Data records
----------------------------------------
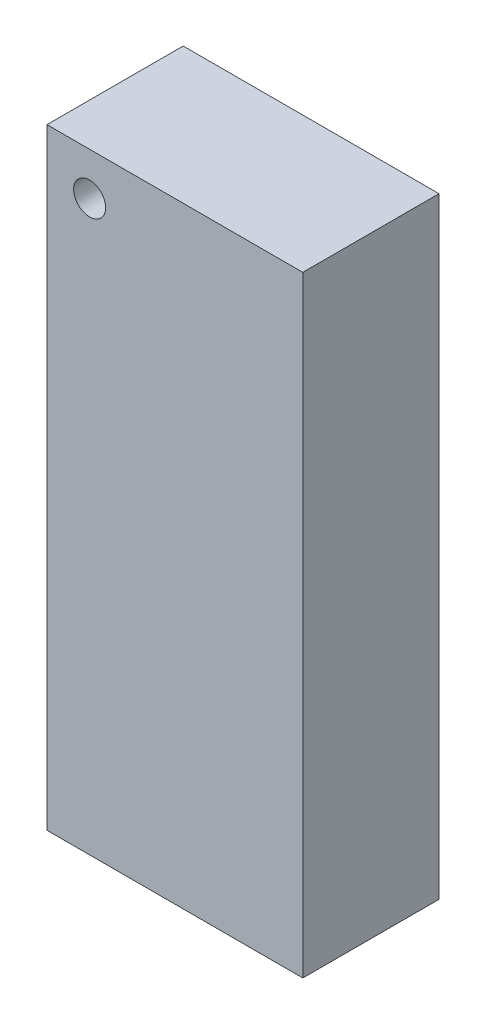
ISO-10303-21;
HEADER;
FILE_DESCRIPTION(('STEP AP214'),'2;1');
FILE_NAME('part.step','',(''),(''),'','','');
FILE_SCHEMA(('AUTOMOTIVE_DESIGN { 1 0 10303 214 1 1 1 1 }'));
ENDSEC;
DATA;
#1=APPLICATION_CONTEXT('core data for automotive mechanical design processes');
#2=APPLICATION_PROTOCOL_DEFINITION('international standard','automotive_design',2000,#1);
#3=PRODUCT_CONTEXT('',#1,'mechanical');
#4=PRODUCT('Part','Part','',(#3));
#5=PRODUCT_RELATED_PRODUCT_CATEGORY('part','',(#4));
#6=PRODUCT_DEFINITION_FORMATION('','',#4);
#7=PRODUCT_DEFINITION_CONTEXT('part definition',#1,'design');
#8=PRODUCT_DEFINITION('design','',#6,#7);
#9=PRODUCT_DEFINITION_SHAPE('','',#8);
#10=(LENGTH_UNIT() NAMED_UNIT(*) SI_UNIT(.MILLI.,.METRE.));
#11=(NAMED_UNIT(*) PLANE_ANGLE_UNIT() SI_UNIT($,.RADIAN.));
#12=(NAMED_UNIT(*) SI_UNIT($,.STERADIAN.) SOLID_ANGLE_UNIT());
#13=UNCERTAINTY_MEASURE_WITH_UNIT(LENGTH_MEASURE(1.E-05),#10,'distance_accuracy_value','');
#14=(GEOMETRIC_REPRESENTATION_CONTEXT(3) GLOBAL_UNCERTAINTY_ASSIGNED_CONTEXT((#13)) GLOBAL_UNIT_ASSIGNED_CONTEXT((#10,
#11,#12)) REPRESENTATION_CONTEXT('',''));
#15=CARTESIAN_POINT('',(0.,0.,0.));
#16=DIRECTION('',(0.,0.,1.));
#17=DIRECTION('',(1.,0.,0.));
#18=AXIS2_PLACEMENT_3D('',#15,#16,#17);
#19=CARTESIAN_POINT('',(0.18,2.4,0.505));
#20=DIRECTION('',(0.,0.,1.));
#21=DIRECTION('',(1.,0.,0.));
#22=AXIS2_PLACEMENT_3D('',#19,#20,#21);
#23=PLANE('',#22);
#24=CARTESIAN_POINT('',(0.18,2.4,0.505));
#25=DIRECTION('',(0.,0.,1.));
#26=DIRECTION('',(1.,0.,0.));
#27=AXIS2_PLACEMENT_3D('',#24,#25,#26);
#28=CIRCLE('',#27,0.0675);
#29=CARTESIAN_POINT('',(0.2475,2.4,0.505));
#30=VERTEX_POINT('',#29);
#31=EDGE_CURVE('E20',#30,#30,#28,.T.);
#32=ORIENTED_EDGE('',*,*,#31,.T.);
#33=EDGE_LOOP('',(#32));
#34=FACE_BOUND('',#33,.T.);
#35=ADVANCED_FACE('F17',(#34),#23,.T.);
#36=CARTESIAN_POINT('',(0.18,2.4,0.505));
#37=DIRECTION('',(0.,0.,1.));
#38=DIRECTION('',(1.,0.,0.));
#39=AXIS2_PLACEMENT_3D('',#36,#37,#38);
#40=CYLINDRICAL_SURFACE('',#39,0.0675);
#41=CARTESIAN_POINT('',(0.18,2.4,0.605));
#42=DIRECTION('',(0.,0.,1.));
#43=DIRECTION('',(1.,0.,0.));
#44=AXIS2_PLACEMENT_3D('',#41,#42,#43);
#45=CIRCLE('',#44,0.0675);
#46=CARTESIAN_POINT('',(0.2475,2.4,0.605));
#47=VERTEX_POINT('',#46);
#48=EDGE_CURVE('E66',#47,#47,#45,.F.);
#49=ORIENTED_EDGE('',*,*,#48,.F.);
#50=EDGE_LOOP('',(#49));
#51=FACE_BOUND('',#50,.T.);
#52=ORIENTED_EDGE('',*,*,#31,.F.);
#53=EDGE_LOOP('',(#52));
#54=FACE_BOUND('',#53,.T.);
#55=ADVANCED_FACE('F85',(#51,#54),#40,.F.);
#56=CARTESIAN_POINT('',(0.,0.,0.605));
#57=DIRECTION('',(0.,0.,1.));
#58=DIRECTION('',(1.,0.,0.));
#59=AXIS2_PLACEMENT_3D('',#56,#57,#58);
#60=PLANE('',#59);
#61=ORIENTED_EDGE('',*,*,#48,.T.);
#62=EDGE_LOOP('',(#61));
#63=FACE_BOUND('',#62,.T.);
#64=DIRECTION('',(0.,1.,0.));
#65=VECTOR('',#64,1.);
#66=CARTESIAN_POINT('',(1.08,0.,0.605));
#67=LINE('',#66,#65);
#68=CARTESIAN_POINT('',(1.08,2.58,0.605));
#69=VERTEX_POINT('',#68);
#70=CARTESIAN_POINT('',(1.08,0.,0.605));
#71=VERTEX_POINT('',#70);
#72=EDGE_CURVE('E167',#69,#71,#67,.F.);
#73=ORIENTED_EDGE('',*,*,#72,.F.);
#74=DIRECTION('',(1.,0.,0.));
#75=VECTOR('',#74,1.);
#76=CARTESIAN_POINT('',(0.,2.58,0.605));
#77=LINE('',#76,#75);
#78=CARTESIAN_POINT('',(0.,2.58,0.605));
#79=VERTEX_POINT('',#78);
#80=EDGE_CURVE('E60',#69,#79,#77,.F.);
#81=ORIENTED_EDGE('',*,*,#80,.T.);
#82=DIRECTION('',(0.,1.,0.));
#83=VECTOR('',#82,1.);
#84=CARTESIAN_POINT('',(0.,0.,0.605));
#85=LINE('',#84,#83);
#86=CARTESIAN_POINT('',(0.,0.,0.605));
#87=VERTEX_POINT('',#86);
#88=EDGE_CURVE('E58',#79,#87,#85,.F.);
#89=ORIENTED_EDGE('',*,*,#88,.T.);
#90=DIRECTION('',(1.,0.,0.));
#91=VECTOR('',#90,1.);
#92=CARTESIAN_POINT('',(0.,0.,0.605));
#93=LINE('',#92,#91);
#94=EDGE_CURVE('E55',#87,#71,#93,.T.);
#95=ORIENTED_EDGE('',*,*,#94,.T.);
#96=EDGE_LOOP('',(#73,#81,#89,#95));
#97=FACE_BOUND('',#96,.T.);
#98=ADVANCED_FACE('F59',(#63,#97),#60,.T.);
#99=CARTESIAN_POINT('',(0.,0.,0.03));
#100=DIRECTION('',(1.,0.,0.));
#101=DIRECTION('',(0.,0.,-1.));
#102=AXIS2_PLACEMENT_3D('',#99,#100,#101);
#103=PLANE('',#102);
#104=DIRECTION('',(0.,0.,1.));
#105=VECTOR('',#104,1.);
#106=CARTESIAN_POINT('',(0.,2.58,0.03));
#107=LINE('',#106,#105);
#108=CARTESIAN_POINT('',(0.,2.58,0.03));
#109=VERTEX_POINT('',#108);
#110=EDGE_CURVE('E168',#109,#79,#107,.T.);
#111=ORIENTED_EDGE('',*,*,#110,.F.);
#112=DIRECTION('',(0.,1.,0.));
#113=VECTOR('',#112,1.);
#114=CARTESIAN_POINT('',(0.,0.,0.03));
#115=LINE('',#114,#113);
#116=CARTESIAN_POINT('',(0.,0.,0.03));
#117=VERTEX_POINT('',#116);
#118=EDGE_CURVE('E77',#109,#117,#115,.F.);
#119=ORIENTED_EDGE('',*,*,#118,.T.);
#120=DIRECTION('',(0.,0.,1.));
#121=VECTOR('',#120,1.);
#122=CARTESIAN_POINT('',(0.,0.,0.03));
#123=LINE('',#122,#121);
#124=EDGE_CURVE('E65',#117,#87,#123,.T.);
#125=ORIENTED_EDGE('',*,*,#124,.T.);
#126=ORIENTED_EDGE('',*,*,#88,.F.);
#127=EDGE_LOOP('',(#111,#119,#125,#126));
#128=FACE_BOUND('',#127,.T.);
#129=ADVANCED_FACE('F76',(#128),#103,.F.);
#130=CARTESIAN_POINT('',(0.,0.,0.03));
#131=DIRECTION('',(0.,1.,0.));
#132=DIRECTION('',(0.,0.,1.));
#133=AXIS2_PLACEMENT_3D('',#130,#131,#132);
#134=PLANE('',#133);
#135=ORIENTED_EDGE('',*,*,#94,.F.);
#136=ORIENTED_EDGE('',*,*,#124,.F.);
#137=DIRECTION('',(1.,0.,0.));
#138=VECTOR('',#137,1.);
#139=CARTESIAN_POINT('',(0.,0.,0.03));
#140=LINE('',#139,#138);
#141=CARTESIAN_POINT('',(1.08,0.,0.03));
#142=VERTEX_POINT('',#141);
#143=EDGE_CURVE('E170',#117,#142,#140,.T.);
#144=ORIENTED_EDGE('',*,*,#143,.T.);
#145=DIRECTION('',(0.,0.,-1.));
#146=VECTOR('',#145,1.);
#147=CARTESIAN_POINT('',(1.08,0.,0.03));
#148=LINE('',#147,#146);
#149=EDGE_CURVE('E73',#71,#142,#148,.T.);
#150=ORIENTED_EDGE('',*,*,#149,.F.);
#151=EDGE_LOOP('',(#135,#136,#144,#150));
#152=FACE_BOUND('',#151,.T.);
#153=ADVANCED_FACE('F70',(#152),#134,.F.);
#154=CARTESIAN_POINT('',(1.08,0.,0.03));
#155=DIRECTION('',(1.,0.,0.));
#156=DIRECTION('',(0.,0.,-1.));
#157=AXIS2_PLACEMENT_3D('',#154,#155,#156);
#158=PLANE('',#157);
#159=DIRECTION('',(0.,0.,1.));
#160=VECTOR('',#159,1.);
#161=CARTESIAN_POINT('',(1.08,2.58,0.03));
#162=LINE('',#161,#160);
#163=CARTESIAN_POINT('',(1.08,2.58,0.03));
#164=VERTEX_POINT('',#163);
#165=EDGE_CURVE('E34',#69,#164,#162,.F.);
#166=ORIENTED_EDGE('',*,*,#165,.F.);
#167=ORIENTED_EDGE('',*,*,#72,.T.);
#168=ORIENTED_EDGE('',*,*,#149,.T.);
#169=DIRECTION('',(0.,1.,0.));
#170=VECTOR('',#169,1.);
#171=CARTESIAN_POINT('',(1.08,0.,0.03));
#172=LINE('',#171,#170);
#173=EDGE_CURVE('E26',#142,#164,#172,.T.);
#174=ORIENTED_EDGE('',*,*,#173,.T.);
#175=EDGE_LOOP('',(#166,#167,#168,#174));
#176=FACE_BOUND('',#175,.T.);
#177=ADVANCED_FACE('F103',(#176),#158,.T.);
#178=CARTESIAN_POINT('',(0.,2.58,0.03));
#179=DIRECTION('',(0.,1.,0.));
#180=DIRECTION('',(0.,0.,1.));
#181=AXIS2_PLACEMENT_3D('',#178,#179,#180);
#182=PLANE('',#181);
#183=ORIENTED_EDGE('',*,*,#80,.F.);
#184=ORIENTED_EDGE('',*,*,#165,.T.);
#185=DIRECTION('',(1.,0.,0.));
#186=VECTOR('',#185,1.);
#187=CARTESIAN_POINT('',(0.,2.58,0.03));
#188=LINE('',#187,#186);
#189=EDGE_CURVE('E11',#164,#109,#188,.F.);
#190=ORIENTED_EDGE('',*,*,#189,.T.);
#191=ORIENTED_EDGE('',*,*,#110,.T.);
#192=EDGE_LOOP('',(#183,#184,#190,#191));
#193=FACE_BOUND('',#192,.T.);
#194=ADVANCED_FACE('F97',(#193),#182,.T.);
#195=CARTESIAN_POINT('',(0.,0.,0.03));
#196=DIRECTION('',(0.,0.,1.));
#197=DIRECTION('',(1.,0.,0.));
#198=AXIS2_PLACEMENT_3D('',#195,#196,#197);
#199=PLANE('',#198);
#200=ORIENTED_EDGE('',*,*,#173,.F.);
#201=ORIENTED_EDGE('',*,*,#143,.F.);
#202=ORIENTED_EDGE('',*,*,#118,.F.);
#203=ORIENTED_EDGE('',*,*,#189,.F.);
#204=EDGE_LOOP('',(#200,#201,#202,#203));
#205=FACE_BOUND('',#204,.T.);
#206=ADVANCED_FACE('F95',(#205),#199,.F.);
#207=CLOSED_SHELL('',(#35,#55,#98,#129,#153,#177,#194,#206));
#208=MANIFOLD_SOLID_BREP('B1',#207);
#209=ADVANCED_BREP_SHAPE_REPRESENTATION('',(#18,#208),#14);
#210=SHAPE_DEFINITION_REPRESENTATION(#9,#209);
ENDSEC;
END-ISO-10303-21;
----------------------------------------
● Assignment: I'd like the lines above from the one with "#60=PLANE('',#59);" up to and including the one with "#124=EDGE_CURVE('E65',#117,#87,#123,.T.);" copied exactly, with no other lines.

● Task response:
#60=PLANE('',#59);
#61=ORIENTED_EDGE('',*,*,#48,.T.);
#62=EDGE_LOOP('',(#61));
#63=FACE_BOUND('',#62,.T.);
#64=DIRECTION('',(0.,1.,0.));
#65=VECTOR('',#64,1.);
#66=CARTESIAN_POINT('',(1.08,0.,0.605));
#67=LINE('',#66,#65);
#68=CARTESIAN_POINT('',(1.08,2.58,0.605));
#69=VERTEX_POINT('',#68);
#70=CARTESIAN_POINT('',(1.08,0.,0.605));
#71=VERTEX_POINT('',#70);
#72=EDGE_CURVE('E167',#69,#71,#67,.F.);
#73=ORIENTED_EDGE('',*,*,#72,.F.);
#74=DIRECTION('',(1.,0.,0.));
#75=VECTOR('',#74,1.);
#76=CARTESIAN_POINT('',(0.,2.58,0.605));
#77=LINE('',#76,#75);
#78=CARTESIAN_POINT('',(0.,2.58,0.605));
#79=VERTEX_POINT('',#78);
#80=EDGE_CURVE('E60',#69,#79,#77,.F.);
#81=ORIENTED_EDGE('',*,*,#80,.T.);
#82=DIRECTION('',(0.,1.,0.));
#83=VECTOR('',#82,1.);
#84=CARTESIAN_POINT('',(0.,0.,0.605));
#85=LINE('',#84,#83);
#86=CARTESIAN_POINT('',(0.,0.,0.605));
#87=VERTEX_POINT('',#86);
#88=EDGE_CURVE('E58',#79,#87,#85,.F.);
#89=ORIENTED_EDGE('',*,*,#88,.T.);
#90=DIRECTION('',(1.,0.,0.));
#91=VECTOR('',#90,1.);
#92=CARTESIAN_POINT('',(0.,0.,0.605));
#93=LINE('',#92,#91);
#94=EDGE_CURVE('E55',#87,#71,#93,.T.);
#95=ORIENTED_EDGE('',*,*,#94,.T.);
#96=EDGE_LOOP('',(#73,#81,#89,#95));
#97=FACE_BOUND('',#96,.T.);
#98=ADVANCED_FACE('F59',(#63,#97),#60,.T.);
#99=CARTESIAN_POINT('',(0.,0.,0.03));
#100=DIRECTION('',(1.,0.,0.));
#101=DIRECTION('',(0.,0.,-1.));
#102=AXIS2_PLACEMENT_3D('',#99,#100,#101);
#103=PLANE('',#102);
#104=DIRECTION('',(0.,0.,1.));
#105=VECTOR('',#104,1.);
#106=CARTESIAN_POINT('',(0.,2.58,0.03));
#107=LINE('',#106,#105);
#108=CARTESIAN_POINT('',(0.,2.58,0.03));
#109=VERTEX_POINT('',#108);
#110=EDGE_CURVE('E168',#109,#79,#107,.T.);
#111=ORIENTED_EDGE('',*,*,#110,.F.);
#112=DIRECTION('',(0.,1.,0.));
#113=VECTOR('',#112,1.);
#114=CARTESIAN_POINT('',(0.,0.,0.03));
#115=LINE('',#114,#113);
#116=CARTESIAN_POINT('',(0.,0.,0.03));
#117=VERTEX_POINT('',#116);
#118=EDGE_CURVE('E77',#109,#117,#115,.F.);
#119=ORIENTED_EDGE('',*,*,#118,.T.);
#120=DIRECTION('',(0.,0.,1.));
#121=VECTOR('',#120,1.);
#122=CARTESIAN_POINT('',(0.,0.,0.03));
#123=LINE('',#122,#121);
#124=EDGE_CURVE('E65',#117,#87,#123,.T.);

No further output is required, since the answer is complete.